# Best Horse Colleges?



## mollymay (Feb 20, 2013)

Idk if you want to go cross country but I know people at linn Benton community college in Albany, OR. And they love it. It has 2 different equine majors and one girl I know hasn't even finished her degree and people are already trying to hire her because of the level if training the school does.  good luck!
_Posted via Mobile Device_


----------



## Palomine (Oct 30, 2010)

William Woods in Fulton MO. Or Stephen College in Columbia MO.


----------



## 4horses (Nov 26, 2012)

William Woods looked good to me! If I could have gone out of state I would have picked them in a heartbeat.


----------



## LouieThePalomino (Dec 15, 2012)

Im looking at Colorado state, they seem pretty good


----------



## TrinaLaine (Jan 21, 2010)

Try looking into The University of Findlay, in Findlay Ohio, and the Ohio State ATI (Agricultural Technical Institute) in Wooster Ohio. I'm considering both of these schools myself.


----------



## SlideStop (Dec 28, 2011)

Just a thought, people really look for experience in these type of jobs, not a degree. If you could get a job as a teacher or a nurse based on experience why would you go to school for it? 

I'd advise you do put that money into internship, lessons with a good trainer, showing and finding a job. 

Also, I would look into going to school for something you can make a living off of or fall back on of push comes to shove. It's tough tough tough to make it in the equine industry! It's long cold days and it takes a toll on your body. There isn't money there, you will most likely have to bust your butt for basic living. 

Working with horses is amazing, but you don't want to turn your hobby into a chore.
_Posted via Mobile Device_


----------



## 4horses (Nov 26, 2012)

I've heard to stay away from University of Findley. University of FL isn't good except for their vet school. Meredith manor from what I have heard is rather run down. 

The college of Central FL has an associates degree in equine studies and it is located in Ocala, FL. Lots of breeding, and training stables in Ocala. 

There is also Midway college in Kentucky which is really close to lots of major racing stables! A beautiful area to live in, rolling hills of pastures, white fences, and the most fabulous barns I have ever seen in my entire life. I didn't actually look at the school property (except the dorms), but I did tour the local racing stables and must say I was impressed. As far as job opportunities there won't be any shortages there! 

For horse jobs, you can't beat Kentucky or Florida!


----------



## albertaeventer (Feb 5, 2013)

I have heard some not so great things about Meredith Manor, apparently they've really gone downhill. A google search should bring up lots of information though, I know it's been discussed in depth on other equine forums.

If you want to be a trainer, I'd recommend apprenticing under a trainer that is well known and respected in your area or in the discipline you want to pursue. In the horse world, it really is about "who you know." People will see you working with X trainer who is already well known and established, and people who are looking for a trainer are definitely going to choose you, over Joe Horse Trainer who has no credentials posting ads on kijiji. Unfortunately a few year equine science degree does not automatically make one into a "trainer". 

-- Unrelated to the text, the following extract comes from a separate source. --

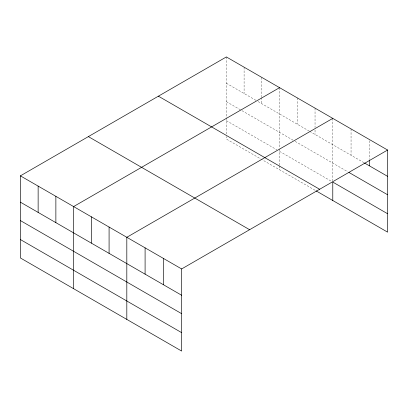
<?xml version="1.0" encoding="UTF-8"?>
<svg xmlns="http://www.w3.org/2000/svg" width="408" height="408" viewBox="0 0 408 408"><rect width="100%" height="100%" fill="white"/><g stroke="black" fill="none" stroke-linecap="round" stroke-linejoin="round"><path stroke-width="0.31" stroke-dasharray="2.04 1.53" d="M226.358 133.977L226.358 56.942M226.358 83.252L255.918 100.322M258.07 101.561L309.131 131.039M309.667 131.351L363.951 162.69M226.358 101.668L241.409 110.359M241.944 110.67L293.005 140.148M295.157 141.387L347.825 171.799M226.358 120.641L276.879 149.812M279.567 151.363L331.704 181.463M315.042 190.256L226.358 139.057L226.358 136.517M369.327 140.734L369.327 159.528M351.053 128.933L351.053 155.244M332.78 118.381L332.78 180.815M315.042 108.14L315.042 127.561M315.042 130.07L315.042 134.456M297.305 97.905L297.305 124.216M279.567 87.664L279.567 148.201M279.567 148.833L279.567 165.332M279.567 165.969L279.567 169.779M261.834 77.423L261.834 96.844M261.834 97.471L261.834 103.734M244.096 67.182L244.096 93.493"/><path stroke-width="0.61" d="M316.118 190.878L387.6 232.147L387.6 150.032L226.358 56.942L20.4 175.853L20.4 257.968L181.642 351.059L181.642 268.943L20.4 175.853M279.567 87.664L73.608 206.57L73.608 288.685M332.78 118.381L126.817 237.293L126.817 319.408M181.642 268.943L387.6 150.032M364.487 163.001L387.6 176.348M348.901 172.421L387.6 194.759M387.6 213.736L332.78 182.08L332.78 200.496M158.391 96.181L319.632 189.271M88.368 136.614L249.609 229.704M20.4 202.164L181.642 295.254M20.4 220.58L181.642 313.67M20.4 239.552L181.642 332.642M369.327 160.155L369.327 165.796M163.368 258.392L163.368 284.707M145.095 247.845L145.095 274.156M109.084 227.052L109.084 253.363M91.346 216.811L91.346 243.122M55.87 196.33L55.87 222.646M38.138 186.094L38.138 212.405"/></g></svg>

I took an equine science degree, and while I learned a ton and do not regret it in the least, anyone interested in it really can go out into the horse world, find themselves an awesome internship or working student position, and learn it all without dropping tens of thousands of dollars and still be farther ahead in the big scheme of things. Having an equine science degree on your resume does not get you far in the real world. Prospective employers in the horse industry want to see names, barns and real life experience on your resume. That is what they'll pick over the degree. 

I've actually had my equine science degree come back to bite me in the butt a time or two when looking for horse jobs. There's some students who take equine science, then come out and hang out their shingle and market themselves as a trainer or whatever they like, then get hired on at a barn and it's just a disaster because they think because they took "equine science" that they know everything and end up WAY over their heads. I've had more than a few people tell me that because of their experiences, they would NEVER consider hiring another student who took X at Y college. Of course those students may be few and far between, but it still ruins it for everyone else who is associated with that school. I would really do my homework, get out there and track down people who took the course you are interested in. Don't look at the statistics the schools put out, talk to the actual students. Find out what they liked about the course, and if they are still using what they learned and ask if they are even employed in the horse industry still. What you find might be extremely surprising. I know out of the 40 or so equine students who were in college with me, less than 5 are currently employed in the horse industry. Sure, the better majority still ride and have horses, but most moved on to different jobs so they could actually AFFORD their horses.

If equine science is really what you want to do, then by all means! Just be aware that all that time and money spent is probably not going to put you any more ahead of the game when you come out. You will have a degree but still be starting from square one in the horse industry with little to no experience. As long as you are ok with that and don't have unrealistic expectations of what's going to happen afterwards, then go for it. In the big scheme of things, you might be better off looking for somewhere you can do a business major, and an equine minor, or find a college that offers an Intercollege horse show team so you can still ride. Something like business will carry you over into many many different jobs and industries, where as with an equine degree you are really limiting yourself. Lots to think about, for sure. Good luck with whatever you decide


----------



## Cynical25 (Mar 7, 2013)

I adored my 4 years at University of Findlay! Before attending, I was a top competitor & known equestrian in my local area. By the first month at Findlay I realized my equine know-how barely skimmed the surface of what was required of big name trainers on the national level.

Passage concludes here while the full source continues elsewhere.